Information given ▸
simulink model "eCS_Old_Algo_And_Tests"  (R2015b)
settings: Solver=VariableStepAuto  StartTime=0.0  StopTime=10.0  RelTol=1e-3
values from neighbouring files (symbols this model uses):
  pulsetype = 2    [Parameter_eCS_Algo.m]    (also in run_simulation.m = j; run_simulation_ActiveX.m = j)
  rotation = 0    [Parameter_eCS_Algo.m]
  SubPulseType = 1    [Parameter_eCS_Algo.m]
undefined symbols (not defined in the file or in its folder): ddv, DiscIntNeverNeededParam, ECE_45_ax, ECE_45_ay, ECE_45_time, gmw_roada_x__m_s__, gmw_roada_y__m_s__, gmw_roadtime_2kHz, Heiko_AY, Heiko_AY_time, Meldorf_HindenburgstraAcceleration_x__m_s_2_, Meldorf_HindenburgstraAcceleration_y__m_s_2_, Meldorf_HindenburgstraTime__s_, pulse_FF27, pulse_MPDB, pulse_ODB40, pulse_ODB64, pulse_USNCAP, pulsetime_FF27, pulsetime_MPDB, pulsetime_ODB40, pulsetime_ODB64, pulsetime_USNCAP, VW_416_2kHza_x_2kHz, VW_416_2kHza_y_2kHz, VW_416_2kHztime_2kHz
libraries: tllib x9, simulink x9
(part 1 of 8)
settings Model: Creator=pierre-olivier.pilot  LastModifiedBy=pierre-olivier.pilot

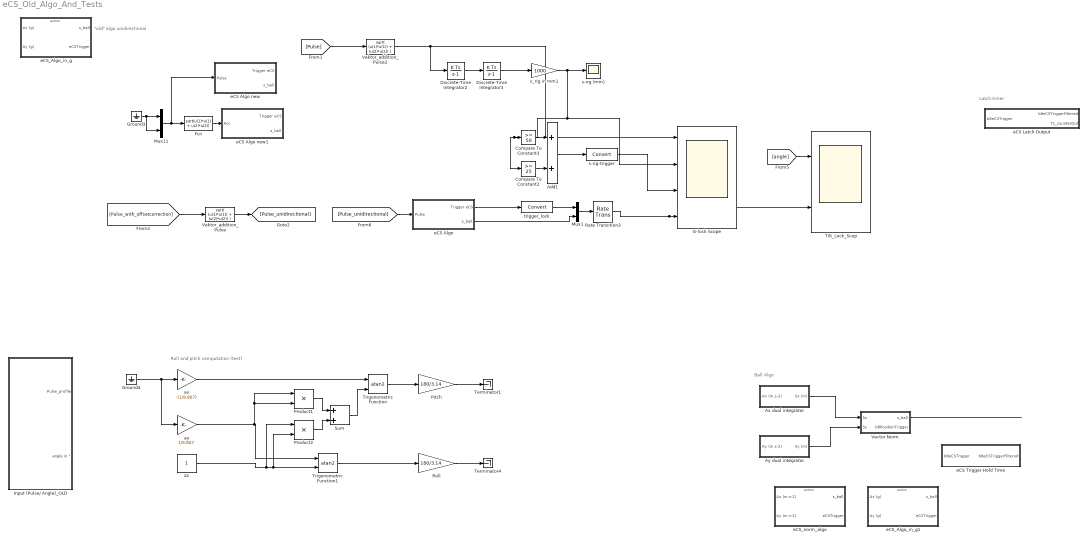
== system eCS_Old_Algo_And_Tests ==
  note: Latch timer
  note: "old" algo unidirectional
  note: Roll and pitch computation (test)
  note: Ball Algo
  Add1 : Sum
  Ax dual integrator : Subsystem  TreatAsAtomicUnit=on
  Ay dual integrator : Subsystem  TreatAsAtomicUnit=on
  Compare To Constant2 : simulink/Logic and Bit Operations/Compare To Constant  relop=>=  const=25  OutDataTypeStr=uint8
  Compare To Constant3 : simulink/Logic and Bit Operations/Compare To Constant  relop=>=  const=50  OutDataTypeStr=uint8
  Discrete-Time Integrator2 : DiscreteIntegrator  InitialConditionSetting=State (most efficient)  SampleTime=-1  ICPrevOutput=DiscIntNeverNeededParam  ICPrevScaledInput=DiscIntNeverNeededParam
  Discrete-Time Integrator3 : DiscreteIntegrator  InitialConditionSetting=State (most efficient)  SampleTime=-1  ICPrevOutput=DiscIntNeverNeededParam  ICPrevScaledInput=DiscIntNeverNeededParam
  Fcn : Fcn  Expr=sqrt(u(1)*u(1) + u(2)*u(2))
  G-lock Scope : Scope  NumInputPorts=4
  Ground3 : Ground
  Ground4 : Ground
  Input (Pulse/ Angle)_OLD : Subsystem
  Mux1 : Mux  Inputs=2
  Mux11 : Mux  Inputs=2
  Pitch : Gain  Gain=180/3.14  mask(TL_Gain){data={'date',738070.39389414352}}
      settings: CopyFcn=if exist('tl_reset_reviewflag') == 2, tl_reset_reviewflag(gcbh); end  DeleteFcn=if exist('delete_tlblock','file')==2,delete_tlblock(gcbh);end  NameChangeFcn=if exist('rename_tlblock','file')==2,rename_tlblock(gcbh);end  OpenFcn=if exist('tl_open_blockdlg','file')==2,tl_open_blockdlg(gcbh);else,open_system(gcbh,'parameter');end
      mask Help: eval(['if exist(''tl_online_help'',''file'') == 2, tl_online_help(''Topic'',''TL_Gain''),else, web([''jar:file:///'',matlabroot,''/help/toolbox/simulink/help.jar!/slref/' lower(get_param(gcbh,'Blocktype')) '.html''], ''-helpbrowser''),end'])
      mask Display: plot([0, .88, 0],[.05, .5, .93]);
  Product1 : Product  Inputs=**  RndMeth=Zero  mask(TL_Product){data={'date',738066.38423623843}}
      settings: CopyFcn=if exist('tl_reset_reviewflag') == 2, tl_reset_reviewflag(gcbh); end  DeleteFcn=if exist('delete_tlblock','file')==2,delete_tlblock(gcbh);end  NameChangeFcn=if exist('rename_tlblock','file')==2,rename_tlblock(gcbh);end  OpenFcn=if exist('tl_open_blockdlg','file')==2,tl_open_blockdlg(gcbh);else,open_system(gcbh,'parameter');end
      mask Help: eval(['if exist(''tl_online_help'',''file'') == 2, tl_online_help(''Topic'',''TL_Product''),else, web([''jar:file:///'',matlabroot,''/help/toolbox/simulink/help.jar!/slref/' lower(get_param(gcbh,'Blocktype')) '.html''], ''-helpbrowser''),end'])
      mask Display: plot([-0.1, 1.05, NaN, -0.1, 1.05],[.01, .01, NaN, .99, .99]);
  Product2 : Product  Inputs=**  RndMeth=Zero  mask(TL_Product){data={'date',738066.38423623843}}
      settings: CopyFcn=if exist('tl_reset_reviewflag') == 2, tl_reset_reviewflag(gcbh); end  DeleteFcn=if exist('delete_tlblock','file')==2,delete_tlblock(gcbh);end  NameChangeFcn=if exist('rename_tlblock','file')==2,rename_tlblock(gcbh);end  OpenFcn=if exist('tl_open_blockdlg','file')==2,tl_open_blockdlg(gcbh);else,open_system(gcbh,'parameter');end
      mask Help: eval(['if exist(''tl_online_help'',''file'') == 2, tl_online_help(''Topic'',''TL_Product''),else, web([''jar:file:///'',matlabroot,''/help/toolbox/simulink/help.jar!/slref/' lower(get_param(gcbh,'Blocktype')) '.html''], ''-helpbrowser''),end'])
      mask Display: plot([-0.1, 1.05, NaN, -0.1, 1.05],[.01, .01, NaN, .99, .99]);
  Rate Transition3 : RateTransition
  Roll : Gain  Gain=180/3.14  mask(TL_Gain){data={'date',738070.3939797685}}
      settings: CopyFcn=if exist('tl_reset_reviewflag') == 2, tl_reset_reviewflag(gcbh); end  DeleteFcn=if exist('delete_tlblock','file')==2,delete_tlblock(gcbh);end  NameChangeFcn=if exist('rename_tlblock','file')==2,rename_tlblock(gcbh);end  OpenFcn=if exist('tl_open_blockdlg','file')==2,tl_open_blockdlg(gcbh);else,open_system(gcbh,'parameter');end
      mask Help: eval(['if exist(''tl_online_help'',''file'') == 2, tl_online_help(''Topic'',''TL_Gain''),else, web([''jar:file:///'',matlabroot,''/help/toolbox/simulink/help.jar!/slref/' lower(get_param(gcbh,'Blocktype')) '.html''], ''-helpbrowser''),end'])
      mask Display: plot([0, .88, 0],[.05, .5, .93]);
  Sum : Sum  mask(TL_Sum){data={'date',738066.38487318286}}
      settings: CopyFcn=if exist('tl_reset_reviewflag') == 2, tl_reset_reviewflag(gcbh); end  DeleteFcn=if exist('delete_tlblock','file')==2,delete_tlblock(gcbh);end  NameChangeFcn=if exist('rename_tlblock','file')==2,rename_tlblock(gcbh);end  OpenFcn=if exist('tl_open_blockdlg','file')==2,tl_open_blockdlg(gcbh);else,open_system(gcbh,'parameter');end
      mask Help: eval(['if exist(''tl_online_help'',''file'') == 2, tl_online_help(''Topic'',''TL_Sum''),else, web([''jar:file:///'',matlabroot,''/help/toolbox/simulink/help.jar!/slref/' lower(get_param(gcbh,'Blocktype')) '.html''], ''-helpbrowser''),end'])
      mask Display: plot([-0.1, 1.05, NaN, -0.1, 1.05],[.01, .01, NaN, .99, .99]);
  Terminator1 : Terminator
  Terminator4 : Terminator
  Tilt_Lock_Scop : Scope  NumInputPorts=2
  Trigonometric Function : Trigonometry  Operator=atan2  mask(TL_Trigonometry){data={'date',738066.38344949076}}
      settings: CopyFcn=if exist('tl_reset_reviewflag') == 2, tl_reset_reviewflag(gcbh); end  DeleteFcn=if exist('delete_tlblock','file')==2,delete_tlblock(gcbh);end  NameChangeFcn=if exist('rename_tlblock','file')==2,rename_tlblock(gcbh);end  OpenFcn=if exist('tl_open_blockdlg','file')==2,tl_open_blockdlg(gcbh);else,open_system(gcbh,'parameter');end
      mask Help: eval(['if exist(''tl_online_help'',''file'') == 2, tl_online_help(''Topic'',''TL_Trigonometry''),else, web([''jar:file:///'',matlabroot,''/help/toolbox/simulink/help.jar!/slref/' lower(get_param(gcbh,'Blocktype')) '.html''], ''-helpbrowser''),end'])
      mask Display: plot([-0.1, 1.05, NaN, -0.1, 1.05],[.01, .01, NaN, .99, .99]);
  Trigonometric Function1 : Trigonometry  Operator=atan2  mask(TL_Trigonometry){data={'date',738066.38344949076}}
      settings: CopyFcn=if exist('tl_reset_reviewflag') == 2, tl_reset_reviewflag(gcbh); end  DeleteFcn=if exist('delete_tlblock','file')==2,delete_tlblock(gcbh);end  NameChangeFcn=if exist('rename_tlblock','file')==2,rename_tlblock(gcbh);end  OpenFcn=if exist('tl_open_blockdlg','file')==2,tl_open_blockdlg(gcbh);else,open_system(gcbh,'parameter');end
      mask Help: eval(['if exist(''tl_online_help'',''file'') == 2, tl_online_help(''Topic'',''TL_Trigonometry''),else, web([''jar:file:///'',matlabroot,''/help/toolbox/simulink/help.jar!/slref/' lower(get_param(gcbh,'Blocktype')) '.html''], ''-helpbrowser''),end'])
      mask Display: plot([-0.1, 1.05, NaN, -0.1, 1.05],[.01, .01, NaN, .99, .99]);
  Vector Norm : Subsystem  TreatAsAtomicUnit=on
  Vektor_addition_Pulse : Fcn  Expr=sqrt( (u(1)*u(1)) + (u(2)*u(2)) )
  Vektor_addition_Pulse2 : Fcn  Expr=sqrt( (u(1)*u(1)) + (u(2)*u(2)) )
  ax : Gain  Gain=-(1/9.807)  mask(TL_Gain){data={'date',738066.38476944447}}
      settings: CopyFcn=if exist('tl_reset_reviewflag') == 2, tl_reset_reviewflag(gcbh); end  DeleteFcn=if exist('delete_tlblock','file')==2,delete_tlblock(gcbh);end  NameChangeFcn=if exist('rename_tlblock','file')==2,rename_tlblock(gcbh);end  OpenFcn=if exist('tl_open_blockdlg','file')==2,tl_open_blockdlg(gcbh);else,open_system(gcbh,'parameter');end
      mask Help: eval(['if exist(''tl_online_help'',''file'') == 2, tl_online_help(''Topic'',''TL_Gain''),else, web([''jar:file:///'',matlabroot,''/help/toolbox/simulink/help.jar!/slref/' lower(get_param(gcbh,'Blocktype')) '.html''], ''-helpbrowser''),end'])
      mask Display: plot([0, .88, 0],[.05, .5, .93]);
  ay : Gain  Gain=1/9.807  mask(TL_Gain){data={'date',738066.375747037}}
      settings: CopyFcn=if exist('tl_reset_reviewflag') == 2, tl_reset_reviewflag(gcbh); end  DeleteFcn=if exist('delete_tlblock','file')==2,delete_tlblock(gcbh);end  NameChangeFcn=if exist('rename_tlblock','file')==2,rename_tlblock(gcbh);end  OpenFcn=if exist('tl_open_blockdlg','file')==2,tl_open_blockdlg(gcbh);else,open_system(gcbh,'parameter');end
      mask Help: eval(['if exist(''tl_online_help'',''file'') == 2, tl_online_help(''Topic'',''TL_Gain''),else, web([''jar:file:///'',matlabroot,''/help/toolbox/simulink/help.jar!/slref/' lower(get_param(gcbh,'Blocktype')) '.html''], ''-helpbrowser''),end'])
      mask Display: plot([0, .88, 0],[.05, .5, .93]);
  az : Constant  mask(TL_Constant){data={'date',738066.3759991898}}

Task directions ▸
Quote in full each line from the top of the records above through the line with "rotation = 0"; stop after that line.

Response to the exercise ▸
simulink model "eCS_Old_Algo_And_Tests"  (R2015b)
settings: Solver=VariableStepAuto  StartTime=0.0  StopTime=10.0  RelTol=1e-3
values from neighbouring files (symbols this model uses):
  pulsetype = 2    [Parameter_eCS_Algo.m]    (also in run_simulation.m = j; run_simulation_ActiveX.m = j)
  rotation = 0    [Parameter_eCS_Algo.m]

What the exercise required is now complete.